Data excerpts
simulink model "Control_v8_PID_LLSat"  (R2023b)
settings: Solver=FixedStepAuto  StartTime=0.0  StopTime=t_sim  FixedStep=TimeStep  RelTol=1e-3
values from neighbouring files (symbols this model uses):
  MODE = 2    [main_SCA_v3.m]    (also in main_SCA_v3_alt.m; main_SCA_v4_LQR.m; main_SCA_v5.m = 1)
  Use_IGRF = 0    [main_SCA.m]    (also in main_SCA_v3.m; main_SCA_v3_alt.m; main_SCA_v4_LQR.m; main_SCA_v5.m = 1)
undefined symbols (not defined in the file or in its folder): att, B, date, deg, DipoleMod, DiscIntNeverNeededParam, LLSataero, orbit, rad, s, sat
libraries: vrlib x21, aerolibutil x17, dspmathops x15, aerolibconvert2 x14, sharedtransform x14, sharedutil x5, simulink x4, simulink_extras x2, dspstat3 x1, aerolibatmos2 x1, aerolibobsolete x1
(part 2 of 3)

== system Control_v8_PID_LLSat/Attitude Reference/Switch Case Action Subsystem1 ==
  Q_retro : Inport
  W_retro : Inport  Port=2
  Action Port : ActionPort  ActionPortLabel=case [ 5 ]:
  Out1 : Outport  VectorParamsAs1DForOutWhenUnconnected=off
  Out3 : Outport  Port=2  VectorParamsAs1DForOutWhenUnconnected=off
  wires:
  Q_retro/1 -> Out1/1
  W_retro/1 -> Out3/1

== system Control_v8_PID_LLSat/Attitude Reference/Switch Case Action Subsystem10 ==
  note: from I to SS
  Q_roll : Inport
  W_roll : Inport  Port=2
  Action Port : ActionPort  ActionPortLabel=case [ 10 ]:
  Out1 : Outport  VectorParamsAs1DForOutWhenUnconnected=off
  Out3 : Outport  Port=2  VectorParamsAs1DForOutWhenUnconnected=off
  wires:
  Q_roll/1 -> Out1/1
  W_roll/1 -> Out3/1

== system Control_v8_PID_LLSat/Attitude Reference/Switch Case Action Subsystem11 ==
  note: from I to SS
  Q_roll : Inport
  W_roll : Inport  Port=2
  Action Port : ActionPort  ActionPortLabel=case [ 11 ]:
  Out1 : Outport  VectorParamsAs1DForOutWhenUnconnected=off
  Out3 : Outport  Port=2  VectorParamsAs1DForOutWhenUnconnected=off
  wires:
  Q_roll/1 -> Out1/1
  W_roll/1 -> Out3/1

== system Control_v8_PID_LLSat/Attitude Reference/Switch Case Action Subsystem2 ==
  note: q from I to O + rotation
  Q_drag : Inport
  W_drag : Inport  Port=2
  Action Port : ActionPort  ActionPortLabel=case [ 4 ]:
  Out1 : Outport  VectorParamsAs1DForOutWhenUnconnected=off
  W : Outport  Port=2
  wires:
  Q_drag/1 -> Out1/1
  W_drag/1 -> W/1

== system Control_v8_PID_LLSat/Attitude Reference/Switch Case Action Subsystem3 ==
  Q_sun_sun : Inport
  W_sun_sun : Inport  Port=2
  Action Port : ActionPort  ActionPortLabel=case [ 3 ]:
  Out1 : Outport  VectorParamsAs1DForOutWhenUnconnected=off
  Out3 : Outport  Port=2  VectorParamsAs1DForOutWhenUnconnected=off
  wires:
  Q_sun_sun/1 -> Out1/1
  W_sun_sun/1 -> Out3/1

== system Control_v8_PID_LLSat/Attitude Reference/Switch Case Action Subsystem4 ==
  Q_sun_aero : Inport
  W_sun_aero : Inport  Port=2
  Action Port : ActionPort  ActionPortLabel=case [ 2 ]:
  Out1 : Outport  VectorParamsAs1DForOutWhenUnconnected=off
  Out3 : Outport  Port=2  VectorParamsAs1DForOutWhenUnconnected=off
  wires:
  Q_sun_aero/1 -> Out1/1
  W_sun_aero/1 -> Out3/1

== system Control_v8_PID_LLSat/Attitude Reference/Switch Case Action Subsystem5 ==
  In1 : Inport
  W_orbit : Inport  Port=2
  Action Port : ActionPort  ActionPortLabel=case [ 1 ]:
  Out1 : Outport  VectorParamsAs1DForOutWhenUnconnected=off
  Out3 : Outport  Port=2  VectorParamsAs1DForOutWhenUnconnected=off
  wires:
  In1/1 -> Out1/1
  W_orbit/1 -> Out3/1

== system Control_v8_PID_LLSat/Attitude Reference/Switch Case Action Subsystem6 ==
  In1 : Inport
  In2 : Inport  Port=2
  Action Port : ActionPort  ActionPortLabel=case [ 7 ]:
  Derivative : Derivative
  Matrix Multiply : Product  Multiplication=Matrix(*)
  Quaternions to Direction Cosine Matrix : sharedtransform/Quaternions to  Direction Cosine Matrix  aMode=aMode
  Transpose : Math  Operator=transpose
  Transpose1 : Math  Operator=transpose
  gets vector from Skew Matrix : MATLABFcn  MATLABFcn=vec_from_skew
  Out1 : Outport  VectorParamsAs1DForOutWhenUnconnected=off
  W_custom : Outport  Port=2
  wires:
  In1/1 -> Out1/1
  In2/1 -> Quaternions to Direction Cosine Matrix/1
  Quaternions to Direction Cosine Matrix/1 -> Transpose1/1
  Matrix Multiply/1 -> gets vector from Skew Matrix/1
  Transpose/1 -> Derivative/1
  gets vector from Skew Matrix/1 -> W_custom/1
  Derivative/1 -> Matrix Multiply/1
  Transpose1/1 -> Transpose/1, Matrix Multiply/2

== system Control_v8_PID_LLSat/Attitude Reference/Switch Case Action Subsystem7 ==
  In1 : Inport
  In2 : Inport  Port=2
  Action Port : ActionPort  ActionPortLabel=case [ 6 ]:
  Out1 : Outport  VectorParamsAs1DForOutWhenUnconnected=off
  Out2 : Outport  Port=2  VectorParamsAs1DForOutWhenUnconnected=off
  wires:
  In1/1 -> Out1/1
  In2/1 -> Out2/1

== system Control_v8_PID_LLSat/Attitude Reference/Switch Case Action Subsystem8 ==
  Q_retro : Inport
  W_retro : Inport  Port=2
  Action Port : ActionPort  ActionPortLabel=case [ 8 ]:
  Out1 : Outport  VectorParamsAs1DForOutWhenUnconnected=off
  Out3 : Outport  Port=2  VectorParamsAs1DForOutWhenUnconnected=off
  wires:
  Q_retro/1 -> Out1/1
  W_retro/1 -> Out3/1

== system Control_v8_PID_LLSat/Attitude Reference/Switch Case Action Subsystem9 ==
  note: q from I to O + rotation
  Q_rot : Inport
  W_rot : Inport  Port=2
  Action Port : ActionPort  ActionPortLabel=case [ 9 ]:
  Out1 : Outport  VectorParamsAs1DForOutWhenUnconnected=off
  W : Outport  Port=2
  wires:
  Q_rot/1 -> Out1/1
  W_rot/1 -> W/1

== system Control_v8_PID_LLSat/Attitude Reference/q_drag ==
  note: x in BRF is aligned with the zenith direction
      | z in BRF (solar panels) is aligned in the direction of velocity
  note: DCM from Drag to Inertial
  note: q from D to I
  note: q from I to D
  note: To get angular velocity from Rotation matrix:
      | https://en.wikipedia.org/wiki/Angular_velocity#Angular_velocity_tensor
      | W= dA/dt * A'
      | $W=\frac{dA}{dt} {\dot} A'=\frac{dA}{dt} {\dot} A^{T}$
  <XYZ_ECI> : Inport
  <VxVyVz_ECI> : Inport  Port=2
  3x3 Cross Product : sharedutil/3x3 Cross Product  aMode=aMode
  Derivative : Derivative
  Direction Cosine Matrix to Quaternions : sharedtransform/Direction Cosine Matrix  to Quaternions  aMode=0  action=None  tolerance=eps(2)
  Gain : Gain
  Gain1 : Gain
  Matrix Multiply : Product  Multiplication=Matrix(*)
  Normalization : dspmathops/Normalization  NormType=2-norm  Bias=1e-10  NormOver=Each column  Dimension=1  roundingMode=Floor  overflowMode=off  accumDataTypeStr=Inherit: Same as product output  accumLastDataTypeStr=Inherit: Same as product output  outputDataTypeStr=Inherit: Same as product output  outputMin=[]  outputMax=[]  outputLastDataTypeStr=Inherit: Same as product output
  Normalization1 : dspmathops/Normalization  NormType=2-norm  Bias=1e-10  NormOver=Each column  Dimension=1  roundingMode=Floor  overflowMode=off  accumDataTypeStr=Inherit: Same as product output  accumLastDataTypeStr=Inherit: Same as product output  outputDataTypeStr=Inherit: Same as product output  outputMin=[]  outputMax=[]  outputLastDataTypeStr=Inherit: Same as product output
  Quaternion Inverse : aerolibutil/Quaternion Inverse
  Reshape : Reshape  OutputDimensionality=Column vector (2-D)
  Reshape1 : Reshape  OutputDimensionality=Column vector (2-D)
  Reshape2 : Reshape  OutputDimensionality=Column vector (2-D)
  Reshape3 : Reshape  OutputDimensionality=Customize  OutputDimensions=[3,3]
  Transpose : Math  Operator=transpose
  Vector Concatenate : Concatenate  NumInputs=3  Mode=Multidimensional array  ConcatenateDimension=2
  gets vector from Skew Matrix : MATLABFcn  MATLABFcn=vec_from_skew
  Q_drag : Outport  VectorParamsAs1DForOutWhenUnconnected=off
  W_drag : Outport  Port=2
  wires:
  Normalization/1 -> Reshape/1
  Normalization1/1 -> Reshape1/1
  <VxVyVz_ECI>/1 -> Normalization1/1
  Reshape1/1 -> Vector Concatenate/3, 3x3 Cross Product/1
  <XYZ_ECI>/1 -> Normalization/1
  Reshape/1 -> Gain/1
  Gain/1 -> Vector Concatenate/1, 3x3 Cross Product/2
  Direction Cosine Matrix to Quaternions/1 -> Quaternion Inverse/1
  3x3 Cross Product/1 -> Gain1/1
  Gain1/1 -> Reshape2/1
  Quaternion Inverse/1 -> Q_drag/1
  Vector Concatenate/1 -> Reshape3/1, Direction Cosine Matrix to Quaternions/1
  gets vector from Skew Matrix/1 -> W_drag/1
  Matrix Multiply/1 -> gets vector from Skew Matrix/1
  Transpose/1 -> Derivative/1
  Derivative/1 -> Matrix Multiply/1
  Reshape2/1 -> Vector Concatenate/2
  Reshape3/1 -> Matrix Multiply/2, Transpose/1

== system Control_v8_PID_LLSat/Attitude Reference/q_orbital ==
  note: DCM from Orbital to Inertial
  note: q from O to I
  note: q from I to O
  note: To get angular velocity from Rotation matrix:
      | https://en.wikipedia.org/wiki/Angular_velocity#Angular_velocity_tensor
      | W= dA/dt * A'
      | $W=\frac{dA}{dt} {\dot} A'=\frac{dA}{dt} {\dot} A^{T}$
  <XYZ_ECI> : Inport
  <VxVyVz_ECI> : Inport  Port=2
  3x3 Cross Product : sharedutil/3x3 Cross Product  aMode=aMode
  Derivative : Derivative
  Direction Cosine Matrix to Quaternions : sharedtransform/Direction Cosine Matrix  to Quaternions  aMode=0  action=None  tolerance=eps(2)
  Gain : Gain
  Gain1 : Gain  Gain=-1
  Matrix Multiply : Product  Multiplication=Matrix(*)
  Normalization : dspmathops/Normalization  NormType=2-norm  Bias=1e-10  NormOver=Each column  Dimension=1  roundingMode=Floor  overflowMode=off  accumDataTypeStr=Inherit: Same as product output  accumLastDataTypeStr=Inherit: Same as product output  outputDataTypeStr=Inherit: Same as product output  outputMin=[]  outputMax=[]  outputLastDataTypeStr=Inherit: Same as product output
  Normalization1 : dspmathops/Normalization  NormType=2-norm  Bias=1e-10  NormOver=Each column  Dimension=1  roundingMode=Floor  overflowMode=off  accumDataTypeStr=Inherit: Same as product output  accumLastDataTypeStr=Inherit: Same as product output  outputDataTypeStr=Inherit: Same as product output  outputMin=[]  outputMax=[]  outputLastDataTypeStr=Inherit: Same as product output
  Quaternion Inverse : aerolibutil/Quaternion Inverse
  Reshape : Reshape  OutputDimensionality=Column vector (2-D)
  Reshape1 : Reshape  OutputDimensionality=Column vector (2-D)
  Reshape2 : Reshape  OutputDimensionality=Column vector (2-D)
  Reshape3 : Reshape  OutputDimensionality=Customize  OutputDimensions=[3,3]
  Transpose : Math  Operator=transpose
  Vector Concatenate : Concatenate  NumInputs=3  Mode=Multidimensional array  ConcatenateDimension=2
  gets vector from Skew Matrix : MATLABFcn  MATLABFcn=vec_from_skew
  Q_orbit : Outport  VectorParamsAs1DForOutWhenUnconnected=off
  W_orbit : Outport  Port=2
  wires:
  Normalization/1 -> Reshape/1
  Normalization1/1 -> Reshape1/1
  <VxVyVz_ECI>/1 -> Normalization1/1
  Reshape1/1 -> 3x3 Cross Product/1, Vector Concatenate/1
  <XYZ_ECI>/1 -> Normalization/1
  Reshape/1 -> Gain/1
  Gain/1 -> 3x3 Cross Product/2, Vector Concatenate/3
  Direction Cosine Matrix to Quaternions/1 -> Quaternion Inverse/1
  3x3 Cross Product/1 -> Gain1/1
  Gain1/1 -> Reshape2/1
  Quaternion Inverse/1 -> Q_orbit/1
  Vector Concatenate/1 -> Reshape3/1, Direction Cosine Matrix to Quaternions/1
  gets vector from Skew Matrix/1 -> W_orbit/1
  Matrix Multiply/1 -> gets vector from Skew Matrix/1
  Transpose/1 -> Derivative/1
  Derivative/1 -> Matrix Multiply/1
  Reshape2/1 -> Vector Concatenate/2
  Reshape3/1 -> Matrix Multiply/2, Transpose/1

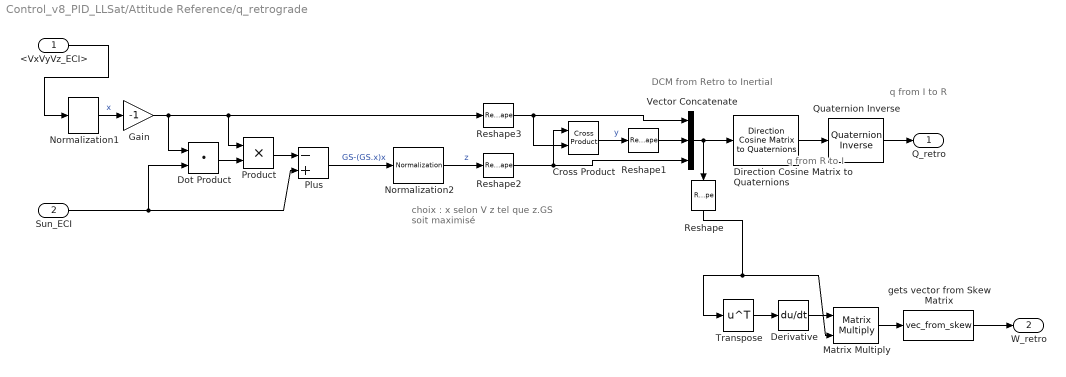
== system Control_v8_PID_LLSat/Attitude Reference/q_retrograde ==
  note: q from I to R
  note: q from R to I
  note: DCM from Retro to Inertial
  note: choix :
      | x selon V
      | z tel que z.GS soit maximisé
  <VxVyVz_ECI> : Inport
  Sun_ECI : Inport  Port=2
  Cross Product : vrlib/Utilities/Cross Product
  Derivative : Derivative
  Direction Cosine Matrix to Quaternions : sharedtransform/Direction Cosine Matrix  to Quaternions  aMode=0  action=None  tolerance=eps(2)
  Dot Product : DotProduct  OutDataTypeStr=Inherit: Inherit via internal rule
  Gain : Gain  Gain=-1
  Matrix Multiply : Product  Multiplication=Matrix(*)
  Normalization1 : dspmathops/Normalization  NormType=2-norm  Bias=1e-10  NormOver=Each column  Dimension=1  roundingMode=Floor  overflowMode=off  accumDataTypeStr=Inherit: Same as product output  accumLastDataTypeStr=Inherit: Same as product output  outputDataTypeStr=Inherit: Same as product output  outputMin=[]  outputMax=[]  outputLastDataTypeStr=Inherit: Same as product output
  Normalization2 : dspmathops/Normalization  NormType=2-norm  Bias=1e-10  NormOver=Each column  Dimension=1  roundingMode=Floor  overflowMode=off  accumDataTypeStr=Inherit: Same as product output  accumLastDataTypeStr=Inherit: Same as product output  outputDataTypeStr=Inherit: Same as product output  outputMin=[]  outputMax=[]  outputLastDataTypeStr=Inherit: Same as product output
  Plus : Sum  Inputs=-+
  Product : Product
  Quaternion Inverse : aerolibutil/Quaternion Inverse
  Reshape : Reshape  OutputDimensionality=Customize  OutputDimensions=[3,3]
  Reshape1 : Reshape  OutputDimensionality=Column vector (2-D)
  Reshape2 : Reshape  OutputDimensionality=Column vector (2-D)
  Reshape3 : Reshape  OutputDimensionality=Column vector (2-D)
  Transpose : Math  Operator=transpose
  Vector Concatenate : Concatenate  NumInputs=3  Mode=Multidimensional array  ConcatenateDimension=2
  gets vector from Skew Matrix : MATLABFcn  MATLABFcn=vec_from_skew
  Q_retro : Outport  VectorParamsAs1DForOutWhenUnconnected=off
  W_retro : Outport  Port=2
  wires:
  Quaternion Inverse/1 -> Q_retro/1
  Reshape2/1 -> Vector Concatenate/3, Cross Product/1
  Reshape3/1 -> Vector Concatenate/1, Cross Product/2
  Product/1 -> Plus/1
  Dot Product/1 -> Product/2
  Cross Product/1 -> Reshape1/1  "y"
  Normalization2/1 -> Reshape2/1  "z"
  Plus/1 -> Normalization2/1  "GS-(GS.x)x"
  Sun_ECI/1 -> Dot Product/2, Plus/2
  Direction Cosine Matrix to Quaternions/1 -> Quaternion Inverse/1
  Normalization1/1 -> Gain/1  "x"
  <VxVyVz_ECI>/1 -> Normalization1/1
  Reshape1/1 -> Vector Concatenate/2
  Gain/1 -> Dot Product/1, Product/1, Reshape3/1
  Vector Concatenate/1 -> Direction Cosine Matrix to Quaternions/1, Reshape/1
  gets vector from Skew Matrix/1 -> W_retro/1
  Matrix Multiply/1 -> gets vector from Skew Matrix/1
  Derivative/1 -> Matrix Multiply/1
  Transpose/1 -> Derivative/1
  Reshape/1 -> Transpose/1, Matrix Multiply/2

== system Control_v8_PID_LLSat/Attitude Reference/q_sun_aero ==
  note: q from I to S
  note: q from S to I
  note: DCM from Sun-aero to Inertial
  note: choix :
      | x selon V
      | z tel que z.GS soit maximisé
  Sun_ECI : Inport
  <VxVyVz_ECI> : Inport  Port=2
  Cross Product : vrlib/Utilities/Cross Product
  Derivative : Derivative
  Direction Cosine Matrix to Quaternions : sharedtransform/Direction Cosine Matrix  to Quaternions  aMode=0  action=None  tolerance=eps(2)
  Dot Product : DotProduct  OutDataTypeStr=Inherit: Inherit via internal rule
  Matrix Multiply : Product  Multiplication=Matrix(*)
  Normalization1 : dspmathops/Normalization  NormType=2-norm  Bias=1e-10  NormOver=Each column  Dimension=1  roundingMode=Floor  overflowMode=off  accumDataTypeStr=Inherit: Same as product output  accumLastDataTypeStr=Inherit: Same as product output  outputDataTypeStr=Inherit: Same as product output  outputMin=[]  outputMax=[]  outputLastDataTypeStr=Inherit: Same as product output
  Normalization2 : dspmathops/Normalization  NormType=2-norm  Bias=1e-10  NormOver=Each column  Dimension=1  roundingMode=Floor  overflowMode=off  accumDataTypeStr=Inherit: Same as product output  accumLastDataTypeStr=Inherit: Same as product output  outputDataTypeStr=Inherit: Same as product output  outputMin=[]  outputMax=[]  outputLastDataTypeStr=Inherit: Same as product output
  Plus : Sum  Inputs=-+
  Product : Product
  Quaternion Inverse : aerolibutil/Quaternion Inverse
  Reshape : Reshape  OutputDimensionality=Customize  OutputDimensions=[3,3]
  Reshape1 : Reshape  OutputDimensionality=Column vector (2-D)
  Reshape2 : Reshape  OutputDimensionality=Column vector (2-D)
  Reshape3 : Reshape  OutputDimensionality=Column vector (2-D)
  Transpose : Math  Operator=transpose
  Vector Concatenate : Concatenate  NumInputs=3  Mode=Multidimensional array  ConcatenateDimension=2
  gets vector from Skew Matrix : MATLABFcn  MATLABFcn=vec_from_skew
  Q_sun_aero : Outport  VectorParamsAs1DForOutWhenUnconnected=off
  W_sun_aero : Outport  Port=2
  wires:
  Quaternion Inverse/1 -> Q_sun_aero/1
  Reshape2/1 -> Vector Concatenate/3, Cross Product/1
  Reshape3/1 -> Vector Concatenate/1, Cross Product/2
  Product/1 -> Plus/1
  Dot Product/1 -> Product/2
  Cross Product/1 -> Reshape1/1  "y"
  Normalization2/1 -> Reshape2/1  "z"
  Plus/1 -> Normalization2/1  "GS-(GS.x)x"
  Sun_ECI/1 -> Dot Product/2, Plus/2
  Direction Cosine Matrix to Quaternions/1 -> Quaternion Inverse/1
  Normalization1/1 -> Dot Product/1, Product/1, Reshape3/1  "x"
  <VxVyVz_ECI>/1 -> Normalization1/1
  Reshape1/1 -> Vector Concatenate/2
  Transpose/1 -> Derivative/1
  Matrix Multiply/1 -> gets vector from Skew Matrix/1
  Derivative/1 -> Matrix Multiply/1
  Vector Concatenate/1 -> Direction Cosine Matrix to Quaternions/1, Reshape/1
  gets vector from Skew Matrix/1 -> W_sun_aero/1
  Reshape/1 -> Transpose/1, Matrix Multiply/2

== system Control_v8_PID_LLSat/Attitude Reference/q_sun_aero_rotation_x_pi//1 ==
  Q_sun_aero : Inport
  Q_sun_sun : Inport  Port=2
  In3 : Inport  Port=3
  Quaternion Interpolation : QuatInterp
  Quaternion Normalize : sharedutil/Quaternion Normalize  aMode=aMode
  Quaternion Normalize1 : sharedutil/Quaternion Normalize  aMode=aMode
  Q_slerp : Outport  VectorParamsAs1DForOutWhenUnconnected=off
  wires:
  Quaternion Interpolation/1 -> Q_slerp/1
  Q_sun_sun/1 -> Quaternion Normalize1/1
  Q_sun_aero/1 -> Quaternion Normalize/1
  In3/1 -> Quaternion Interpolation/3
  Quaternion Normalize/1 -> Quaternion Interpolation/1
  Quaternion Normalize1/1 -> Quaternion Interpolation/2

== system Control_v8_PID_LLSat/Attitude Reference/q_sun_aero_rotation_x_pi//4 ==
  Constant : Constant  Value=[1;0;0]
  Product : Product
  Reshape1 : Reshape  OutputDimensionality=Column vector (2-D)
  Vector Concatenate1 : Concatenate  Mode=Multidimensional array
  cos pi/2 : Constant  Value=[cos(-att.angle_roll/2)]
  sin pi/4 : Constant  Value=sin(-att.angle_roll/2)
  Q_rot : Outport  VectorParamsAs1DForOutWhenUnconnected=off
  wires:
  cos pi/2/1 -> Vector Concatenate1/1
  Vector Concatenate1/1 -> Q_rot/1
  sin pi/4/1 -> Product/2
  Product/1 -> Reshape1/1
  Reshape1/1 -> Vector Concatenate1/2
  Constant/1 -> Product/1  "x"

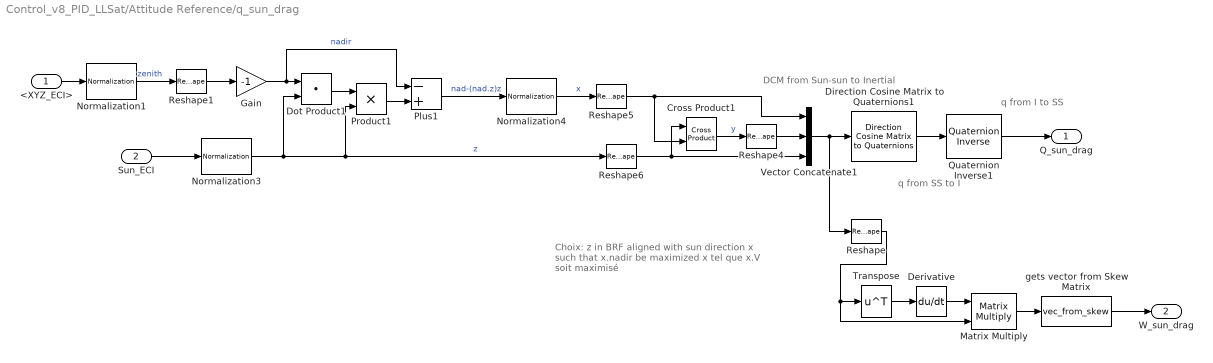
== system Control_v8_PID_LLSat/Attitude Reference/q_sun_drag ==
  note: Choix:
      | z in BRF aligned with sun direction
      | x such that x.nadir be maximized
      | x tel que x.V soit maximisé
  note: DCM from Sun-sun to Inertial
  note: q from I to SS
  note: q from SS to I
  <XYZ_ECI> : Inport
  Sun_ECI : Inport  Port=2
  Cross Product1 : vrlib/Utilities/Cross Product
  Derivative : Derivative
  Direction Cosine Matrix to Quaternions1 : sharedtransform/Direction Cosine Matrix  to Quaternions  aMode=0  action=None  tolerance=eps(2)
  Dot Product1 : DotProduct  OutDataTypeStr=Inherit: Inherit via internal rule
  Gain : Gain  Gain=-1
  Matrix Multiply : Product  Multiplication=Matrix(*)
  Normalization1 : dspmathops/Normalization  NormType=2-norm  Bias=1e-10  NormOver=Each column  Dimension=1  roundingMode=Floor  overflowMode=off  accumDataTypeStr=Inherit: Same as product output  accumLastDataTypeStr=Inherit: Same as product output  outputDataTypeStr=Inherit: Same as product output  outputMin=[]  outputMax=[]  outputLastDataTypeStr=Inherit: Same as product output
  Normalization3 : dspmathops/Normalization  NormType=2-norm  Bias=1e-10  NormOver=Each column  Dimension=1  roundingMode=Floor  overflowMode=off  accumDataTypeStr=Inherit: Same as product output  accumLastDataTypeStr=Inherit: Same as product output  outputDataTypeStr=Inherit: Same as product output  outputMin=[]  outputMax=[]  outputLastDataTypeStr=Inherit: Same as product output
  Normalization4 : dspmathops/Normalization  NormType=2-norm  Bias=1e-10  NormOver=Each column  Dimension=1  roundingMode=Floor  overflowMode=off  accumDataTypeStr=Inherit: Same as product output  accumLastDataTypeStr=Inherit: Same as product output  outputDataTypeStr=Inherit: Same as product output  outputMin=[]  outputMax=[]  outputLastDataTypeStr=Inherit: Same as product output
  Plus1 : Sum  Inputs=-+
  Product1 : Product
  Quaternion Inverse1 : aerolibutil/Quaternion Inverse
  Reshape : Reshape  OutputDimensionality=Customize  OutputDimensions=[3,3]
  Reshape{1,4..6} (4 alike) : Reshape  OutputDimensionality=Column vector (2-D)
  Transpose : Math  Operator=transpose
  Vector Concatenate1 : Concatenate  NumInputs=3  Mode=Multidimensional array  ConcatenateDimension=2
  gets vector from Skew Matrix : MATLABFcn  MATLABFcn=vec_from_skew
  Q_sun_drag : Outport  VectorParamsAs1DForOutWhenUnconnected=off
  W_sun_drag : Outport  Port=2
  wires:
  Direction Cosine Matrix to Quaternions1/1 -> Quaternion Inverse1/1
  Reshape4/1 -> Vector Concatenate1/2
  Dot Product1/1 -> Product1/1
  Sun_ECI/1 -> Normalization3/1
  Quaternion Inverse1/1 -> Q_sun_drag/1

The problem: Output, from the data above, the lines from the line with "Quaternion Inverse/1 -> Q_retro/1" to the line with "Gain/1 -> Dot" exactly as they stand, both ends included and nothing else.

Solution to this exercise:
  Quaternion Inverse/1 -> Q_retro/1
  Reshape2/1 -> Vector Concatenate/3, Cross Product/1
  Reshape3/1 -> Vector Concatenate/1, Cross Product/2
  Product/1 -> Plus/1
  Dot Product/1 -> Product/2
  Cross Product/1 -> Reshape1/1  "y"
  Normalization2/1 -> Reshape2/1  "z"
  Plus/1 -> Normalization2/1  "GS-(GS.x)x"
  Sun_ECI/1 -> Dot Product/2, Plus/2
  Direction Cosine Matrix to Quaternions/1 -> Quaternion Inverse/1
  Normalization1/1 -> Gain/1  "x"
  <VxVyVz_ECI>/1 -> Normalization1/1
  Reshape1/1 -> Vector Concatenate/2
  Gain/1 -> Dot Product/1, Product/1, Reshape3/1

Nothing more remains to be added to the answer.